プレラウ プシェロフ(P?erov)のドイツ語名。モラビアの鉄道網の要衝。ブジェツラフ—プシェロフ間の開業は1841年、支線のプシェロフ—オロモウツ間も同年の開業だが一月半ほど遅れている。
オルミツツ オロモウツ
ブリン ブルノ



 午後七時十五分発の列車に乗込み、走ること凡そ六里、同八時オルミツツ(Olmütz)駅に着し、駅の近傍に在る外国産樹種の苗圃を視察す。米国産樹種多く、又我国産のけやき、きり、ひのき、からまつあり。リツヒテンスタイン侯爵家林業主任ヴイール氏、余を呼び寄せ、我が国産の樹木の種属名、科名、造林法、及び木材の利用法等を質問せらる。余は一々質問に答えたるが、植物学、造林学、利用学の口答試験を受けしが如し。幸にして植物の学名、及び利用方面には智識ある故、及第せしが、昆虫、及び黴菌の試験は答うる能わず、落第せり。之、林学の教育が日墺両国大学に於て異るを明示するものにして、我国に於ては森林植物、及び造林学授業時間多きが、墺国の地産学校に於ては、森林植物学よりも森林保護学の時間多く、且つ森林保護学の試験は非常に厳にして、学生は全力を昆虫学に尽すを以てなり。故に旅行中に於ても、学生は樹木よりも昆虫を捕うることを務めり。之れ我国の修学旅行に学生は樹葉の採集に務め、昆虫には全く気を置かざると実に好対照なり。維納高等地産学校唯一の欠点は、此の保護学の学生の力を費やさざること過多なるにあり。
 次に各種造林器具の陳列説明あり。之より馬車にて走ること凡そ十分、旅館ラウエル(Lauer)に投ず。此の夜リツヒテンスタイン侯爵家林務技師、及び同細君集り、晩餐を共にす。学生の唱歌舞踏あり。余は午前一時半就寝せしが、学生は之より珈琲店に行き、午前三時帰りたりと言う。

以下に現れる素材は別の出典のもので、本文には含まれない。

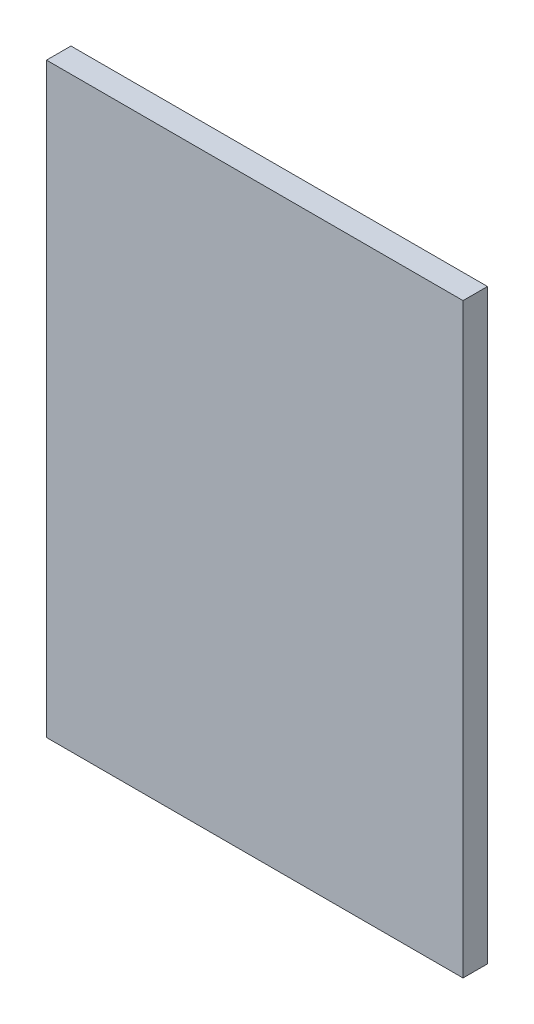
ISO-10303-21;
HEADER;
FILE_DESCRIPTION(('STEP AP214'),'2;1');
FILE_NAME('part.step','',(''),(''),'','','');
FILE_SCHEMA(('AUTOMOTIVE_DESIGN { 1 0 10303 214 1 1 1 1 }'));
ENDSEC;
DATA;
#1=APPLICATION_CONTEXT('core data for automotive mechanical design processes');
#2=APPLICATION_PROTOCOL_DEFINITION('international standard','automotive_design',2000,#1);
#3=PRODUCT_CONTEXT('',#1,'mechanical');
#4=PRODUCT('Part','Part','',(#3));
#5=PRODUCT_RELATED_PRODUCT_CATEGORY('part','',(#4));
#6=PRODUCT_DEFINITION_FORMATION('','',#4);
#7=PRODUCT_DEFINITION_CONTEXT('part definition',#1,'design');
#8=PRODUCT_DEFINITION('design','',#6,#7);
#9=PRODUCT_DEFINITION_SHAPE('','',#8);
#10=(LENGTH_UNIT() NAMED_UNIT(*) SI_UNIT(.MILLI.,.METRE.));
#11=(NAMED_UNIT(*) PLANE_ANGLE_UNIT() SI_UNIT($,.RADIAN.));
#12=(NAMED_UNIT(*) SI_UNIT($,.STERADIAN.) SOLID_ANGLE_UNIT());
#13=UNCERTAINTY_MEASURE_WITH_UNIT(LENGTH_MEASURE(1.E-05),#10,'distance_accuracy_value','');
#14=(GEOMETRIC_REPRESENTATION_CONTEXT(3) GLOBAL_UNCERTAINTY_ASSIGNED_CONTEXT((#13)) GLOBAL_UNIT_ASSIGNED_CONTEXT((#10,
#11,#12)) REPRESENTATION_CONTEXT('',''));
#15=CARTESIAN_POINT('',(0.,0.,0.));
#16=DIRECTION('',(0.,0.,1.));
#17=DIRECTION('',(1.,0.,0.));
#18=AXIS2_PLACEMENT_3D('',#15,#16,#17);
#19=CARTESIAN_POINT('',(-54.102,6.22659010600706,3.175));
#20=DIRECTION('',(1.,0.,0.));
#21=DIRECTION('',(0.,0.,-1.));
#22=AXIS2_PLACEMENT_3D('',#19,#20,#21);
#23=PLANE('',#22);
#24=DIRECTION('',(0.,-1.,0.));
#25=VECTOR('',#24,1.);
#26=CARTESIAN_POINT('',(-54.102,6.22659010600706,0.));
#27=LINE('',#26,#25);
#28=CARTESIAN_POINT('',(-54.102,82.4265901060071,0.));
#29=VERTEX_POINT('',#28);
#30=CARTESIAN_POINT('',(-54.102,6.22659010600706,0.));
#31=VERTEX_POINT('',#30);
#32=EDGE_CURVE('E96',#29,#31,#27,.T.);
#33=ORIENTED_EDGE('',*,*,#32,.T.);
#34=DIRECTION('',(0.,0.,-1.));
#35=VECTOR('',#34,1.);
#36=CARTESIAN_POINT('',(-54.102,6.22659010600706,3.175));
#37=LINE('',#36,#35);
#38=CARTESIAN_POINT('',(-54.102,6.22659010600706,3.175));
#39=VERTEX_POINT('',#38);
#40=EDGE_CURVE('E11',#39,#31,#37,.T.);
#41=ORIENTED_EDGE('',*,*,#40,.F.);
#42=DIRECTION('',(0.,-1.,0.));
#43=VECTOR('',#42,1.);
#44=CARTESIAN_POINT('',(-54.102,6.22659010600706,3.175));
#45=LINE('',#44,#43);
#46=CARTESIAN_POINT('',(-54.102,82.4265901060071,3.175));
#47=VERTEX_POINT('',#46);
#48=EDGE_CURVE('E84',#47,#39,#45,.T.);
#49=ORIENTED_EDGE('',*,*,#48,.F.);
#50=DIRECTION('',(0.,0.,-1.));
#51=VECTOR('',#50,1.);
#52=CARTESIAN_POINT('',(-54.102,82.4265901060071,3.175));
#53=LINE('',#52,#51);
#54=EDGE_CURVE('E92',#47,#29,#53,.T.);
#55=ORIENTED_EDGE('',*,*,#54,.T.);
#56=EDGE_LOOP('',(#33,#41,#49,#55));
#57=FACE_BOUND('',#56,.T.);
#58=ADVANCED_FACE('F33',(#57),#23,.F.);
#59=CARTESIAN_POINT('',(-54.102,6.22659010600706,3.175));
#60=DIRECTION('',(0.,1.,0.));
#61=DIRECTION('',(0.,0.,1.));
#62=AXIS2_PLACEMENT_3D('',#59,#60,#61);
#63=PLANE('',#62);
#64=DIRECTION('',(1.,0.,0.));
#65=VECTOR('',#64,1.);
#66=CARTESIAN_POINT('',(-54.102,6.22659010600706,0.));
#67=LINE('',#66,#65);
#68=CARTESIAN_POINT('',(0.,6.22659010600706,0.));
#69=VERTEX_POINT('',#68);
#70=EDGE_CURVE('E88',#31,#69,#67,.T.);
#71=ORIENTED_EDGE('',*,*,#70,.T.);
#72=DIRECTION('',(0.,0.,-1.));
#73=VECTOR('',#72,1.);
#74=CARTESIAN_POINT('',(0.,6.22659010600706,3.175));
#75=LINE('',#74,#73);
#76=CARTESIAN_POINT('',(0.,6.22659010600706,3.175));
#77=VERTEX_POINT('',#76);
#78=EDGE_CURVE('E41',#77,#69,#75,.T.);
#79=ORIENTED_EDGE('',*,*,#78,.F.);
#80=DIRECTION('',(1.,0.,0.));
#81=VECTOR('',#80,1.);
#82=CARTESIAN_POINT('',(-54.102,6.22659010600706,3.175));
#83=LINE('',#82,#81);
#84=EDGE_CURVE('E79',#39,#77,#83,.T.);
#85=ORIENTED_EDGE('',*,*,#84,.F.);
#86=ORIENTED_EDGE('',*,*,#40,.T.);
#87=EDGE_LOOP('',(#71,#79,#85,#86));
#88=FACE_BOUND('',#87,.T.);
#89=ADVANCED_FACE('F87',(#88),#63,.F.);
#90=CARTESIAN_POINT('',(0.,6.22659010600706,3.175));
#91=DIRECTION('',(-1.,0.,0.));
#92=DIRECTION('',(0.,0.,1.));
#93=AXIS2_PLACEMENT_3D('',#90,#91,#92);
#94=PLANE('',#93);
#95=DIRECTION('',(0.,1.,0.));
#96=VECTOR('',#95,1.);
#97=CARTESIAN_POINT('',(0.,6.22659010600706,0.));
#98=LINE('',#97,#96);
#99=CARTESIAN_POINT('',(0.,82.4265901060071,0.));
#100=VERTEX_POINT('',#99);
#101=EDGE_CURVE('E66',#69,#100,#98,.T.);
#102=ORIENTED_EDGE('',*,*,#101,.T.);
#103=DIRECTION('',(0.,0.,-1.));
#104=VECTOR('',#103,1.);
#105=CARTESIAN_POINT('',(0.,82.4265901060071,3.175));
#106=LINE('',#105,#104);
#107=CARTESIAN_POINT('',(0.,82.4265901060071,3.175));
#108=VERTEX_POINT('',#107);
#109=EDGE_CURVE('E89',#108,#100,#106,.T.);
#110=ORIENTED_EDGE('',*,*,#109,.F.);
#111=DIRECTION('',(0.,1.,0.));
#112=VECTOR('',#111,1.);
#113=CARTESIAN_POINT('',(0.,6.22659010600706,3.175));
#114=LINE('',#113,#112);
#115=EDGE_CURVE('E82',#77,#108,#114,.T.);
#116=ORIENTED_EDGE('',*,*,#115,.F.);
#117=ORIENTED_EDGE('',*,*,#78,.T.);
#118=EDGE_LOOP('',(#102,#110,#116,#117));
#119=FACE_BOUND('',#118,.T.);
#120=ADVANCED_FACE('F90',(#119),#94,.F.);
#121=CARTESIAN_POINT('',(-54.102,82.4265901060071,3.175));
#122=DIRECTION('',(0.,-1.,0.));
#123=DIRECTION('',(0.,0.,-1.));
#124=AXIS2_PLACEMENT_3D('',#121,#122,#123);
#125=PLANE('',#124);
#126=DIRECTION('',(-1.,0.,0.));
#127=VECTOR('',#126,1.);
#128=CARTESIAN_POINT('',(-54.102,82.4265901060071,0.));
#129=LINE('',#128,#127);
#130=EDGE_CURVE('E72',#100,#29,#129,.T.);
#131=ORIENTED_EDGE('',*,*,#130,.T.);
#132=ORIENTED_EDGE('',*,*,#54,.F.);
#133=DIRECTION('',(-1.,0.,0.));
#134=VECTOR('',#133,1.);
#135=CARTESIAN_POINT('',(-54.102,82.4265901060071,3.175));
#136=LINE('',#135,#134);
#137=EDGE_CURVE('E49',#108,#47,#136,.T.);
#138=ORIENTED_EDGE('',*,*,#137,.F.);
#139=ORIENTED_EDGE('',*,*,#109,.T.);
#140=EDGE_LOOP('',(#131,#132,#138,#139));
#141=FACE_BOUND('',#140,.T.);
#142=ADVANCED_FACE('F103',(#141),#125,.F.);
#143=CARTESIAN_POINT('',(0.,0.,3.175));
#144=DIRECTION('',(0.,0.,-1.));
#145=DIRECTION('',(-1.,0.,0.));
#146=AXIS2_PLACEMENT_3D('',#143,#144,#145);
#147=PLANE('',#146);
#148=ORIENTED_EDGE('',*,*,#48,.T.);
#149=ORIENTED_EDGE('',*,*,#84,.T.);
#150=ORIENTED_EDGE('',*,*,#115,.T.);
#151=ORIENTED_EDGE('',*,*,#137,.T.);
#152=EDGE_LOOP('',(#148,#149,#150,#151));
#153=FACE_BOUND('',#152,.T.);
#154=ADVANCED_FACE('F80',(#153),#147,.F.);
#155=CARTESIAN_POINT('',(0.,0.,0.));
#156=DIRECTION('',(0.,0.,-1.));
#157=DIRECTION('',(-1.,0.,0.));
#158=AXIS2_PLACEMENT_3D('',#155,#156,#157);
#159=PLANE('',#158);
#160=ORIENTED_EDGE('',*,*,#32,.F.);
#161=ORIENTED_EDGE('',*,*,#130,.F.);
#162=ORIENTED_EDGE('',*,*,#101,.F.);
#163=ORIENTED_EDGE('',*,*,#70,.F.);
#164=EDGE_LOOP('',(#160,#161,#162,#163));
#165=FACE_BOUND('',#164,.T.);
#166=ADVANCED_FACE('F106',(#165),#159,.T.);
#167=CLOSED_SHELL('',(#58,#89,#120,#142,#154,#166));
#168=MANIFOLD_SOLID_BREP('B2',#167);
#169=ADVANCED_BREP_SHAPE_REPRESENTATION('',(#18,#168),#14);
#170=SHAPE_DEFINITION_REPRESENTATION(#9,#169);
ENDSEC;
END-ISO-10303-21;

旅館ラウエル ホルニー広場にあったホテル。現在はモラフスカー・レスタウラツェが入っている建物は、このホテルの開業のために、それまであった二軒の建物を壊して建てられたものだという。



 オルミツツ市は、マルヒ河の右岸、海抜二百二十一米突の処に在り、メーレン州第二の都会にして、人口二万千九百を有す。此の市に在る重なるものは、市庁、図書館、博物館、記念碑、寺院、市公園にして、第十二世紀時代の伽藍あり。


マルヒ河 モラバ(Morava)川。オロモウツの市街は右岸にあるが駅は左岸にある。
市庁 ホルニー広場にあったホテル・ラウエルに宿泊したということは、市庁舎も天文時計も見たということであろう。そうすると「記念碑」もただの記念碑ではなく、聖三位一体の碑ということになる。
第十二世紀時代の伽藍 聖バーツラフ大聖堂のことであろう。


 以上が諸戸博士が残した初日の記録である。諸戸博士がオロモウツに来た最初の日本人だと断言するのはためらわれるが、オロモウツそのものや、市庁舎、聖三位一体の碑などに関する日本語で言及された最古の記録だぐらいのことは言いたくなる。